Price at the time of review: $1.95 US

Available: Amazon

Author site: Unknown
GoodReads page: http://www.goodreads.com/book/show/9726848-the-ark-of-adams

This entry was posted in 1.5, Novel, Reviews, Science Fiction and tagged , . Bookmark the permalink.

4 Responses to “The Ark of Adams” – by Jack Kane

  1. Good and balanced honest review. Every time there’s an awkward word used or it’s not clear which subject is doing what action, it jolts the reader out of the book. It’s like having a shaky camera in a movie where you’re not sure what you’re watching anymore. From the examples you pulled, it *is* an assault on the written language and it would make any prose lover cry. I see that it needs a lot of work with regards to punctuation, word usage (especially verbs), sentence structure, and maintaining a consistent subject in the same sentence. This book would definitely turn me from an enthusiastic reader to a cranky editor.

    E.g. “The corner street lamp glanced reflection from off her boots as she walked”. This sentence makes it seem like the lamp is looking at her with eyes. It should be “As she walked, the corner street lamp’s light glanced off her boots.” I’m not even sure of the original sentence is really about the reflection of the lamp or it’s shining its light at her boots, because if it’s a reflection, then those must be some crazy mirror boots.

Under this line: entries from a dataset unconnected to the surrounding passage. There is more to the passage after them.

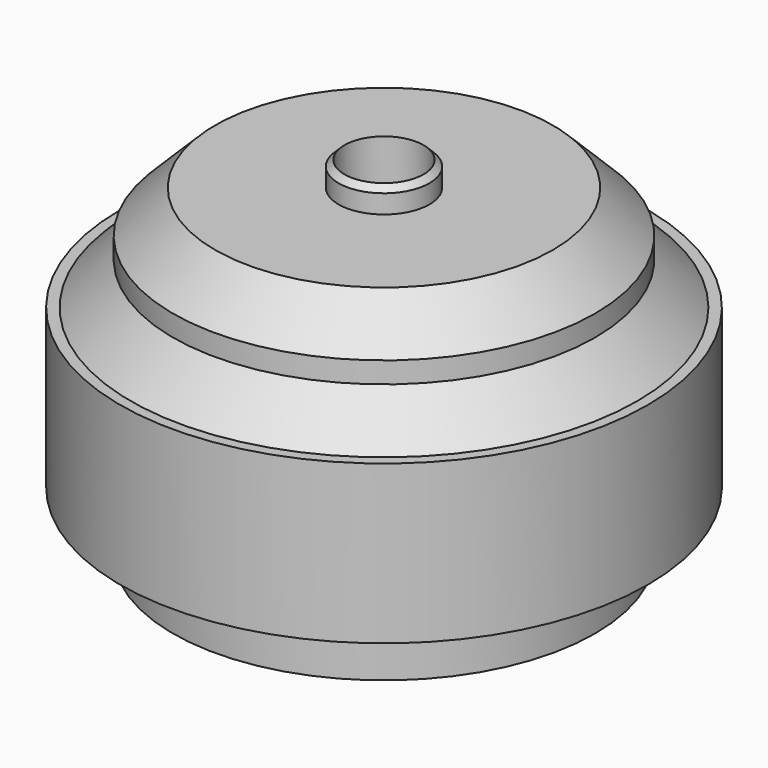
from build123d import *

# Parameters (mm, degrees)
F2_R     = 4.7625
F3_DEPTH = 9.525
F6_D     = 3.175
F6_DEPTH = 22.225
F6_START = 0.6225488
F6_TIP   = 0.9538662327
F7_SIZE  = 5.08


# Not quite as in the source:
# - a fillet or chamfer that OpenCascade refuses, or shapes differently, is made with other operations: its cross-section is extruded or revolved along the edge and cut away or added


with BuildPart() as f1:
    # F0 (on Front) → F1 (revolve)
    with BuildSketch(Plane.XZ):
        Polygon((5.470779, 56.2707707286), (0, 56.2707707286), (0, 0), (25.409779, 9.9646151066), (25.409779, 17.1938474178), (31.759779, 17.1938474178), (31.759779, 36.2438474178), (25.409779, 36.2438474178), (25.409779, 48.9438474178), (5.470779, 48.9438474178), align=None)
    revolve(axis=Axis((0, 0, 28.1353853643), (0, 0, -1)))

    # F2 (on face) → F3 (cut)
    with BuildSketch(Plane.XY.offset(56.2707707286)):
        Circle(F2_R)
    extrude(amount=-F3_DEPTH, mode=Mode.SUBTRACT)

    # F4: chamfer of 5.08 on 1 edges, made by hand

    # F4_s1 → F4_t2 (revolve, cut)
    with BuildSketch(Plane.XZ):
        Polygon((0.390779, 56.2707707286), (5.470779, 51.1907707286), (5.470779, 56.2707707286), align=None)
    revolve(axis=Axis((0, 0, 56.2707707286), (0, 0, -1)), mode=Mode.SUBTRACT)

    # F6
    # its depths count from where the whole tool has entered the part; down to there all is cleared
    with Locations(Plane(origin=(0, 0, 0), x_dir=(1, 0, 0), z_dir=(0, 0, -1)).offset(-F6_START)):
        with Locations((0, 0)):
            Hole(F6_D / 2, depth=F6_DEPTH)
            with Locations((0, 0, -(F6_DEPTH + F6_TIP / 2))):  # 118° drill point
                Cone(0, F6_D / 2, F6_TIP, mode=Mode.SUBTRACT)

    # F7
    f7_edges = [f1.edges().sort_by_distance(p)[0] for p in [
        (-25.409779, 0, 36.243847),
        (-25.409779, 0, 48.943847),
        (25.409779, 0, 42.593847),
    ]]
    chamfer(f7_edges, length=F7_SIZE)


solid = f1.part

    Just curious, did you see these problems in the sample, or is the sample mostly clean and the problems take place after?

    • Caleb says:

      Hi Frida,

      Unfortunately, I didn’t read the sample for this book. It was one I already owned and had decided to read/review it. Once bitten, twice shy though.

  2. GraceKrispy says:

    Great review! I attempted this book a while back. In spit of the initially promising storyline, the awkward and unclear language killed it for me. I don’t often stop reading a book before I’ve finished, but I just didn’t make it through this one. I was actually reminded of what happens when you put a sentence into one of those online language translators.

    I don’t read samples generally… you’d think I would learn my lesson by now!

    • Caleb says:

      From now on I’m strictly a sample guy. I’ll read the sample, determine if I’m going to review it and then schedule it.
      The problem here was that I’d already put it in my review schedule and my rule is – if I’ve scheduled it, I read it.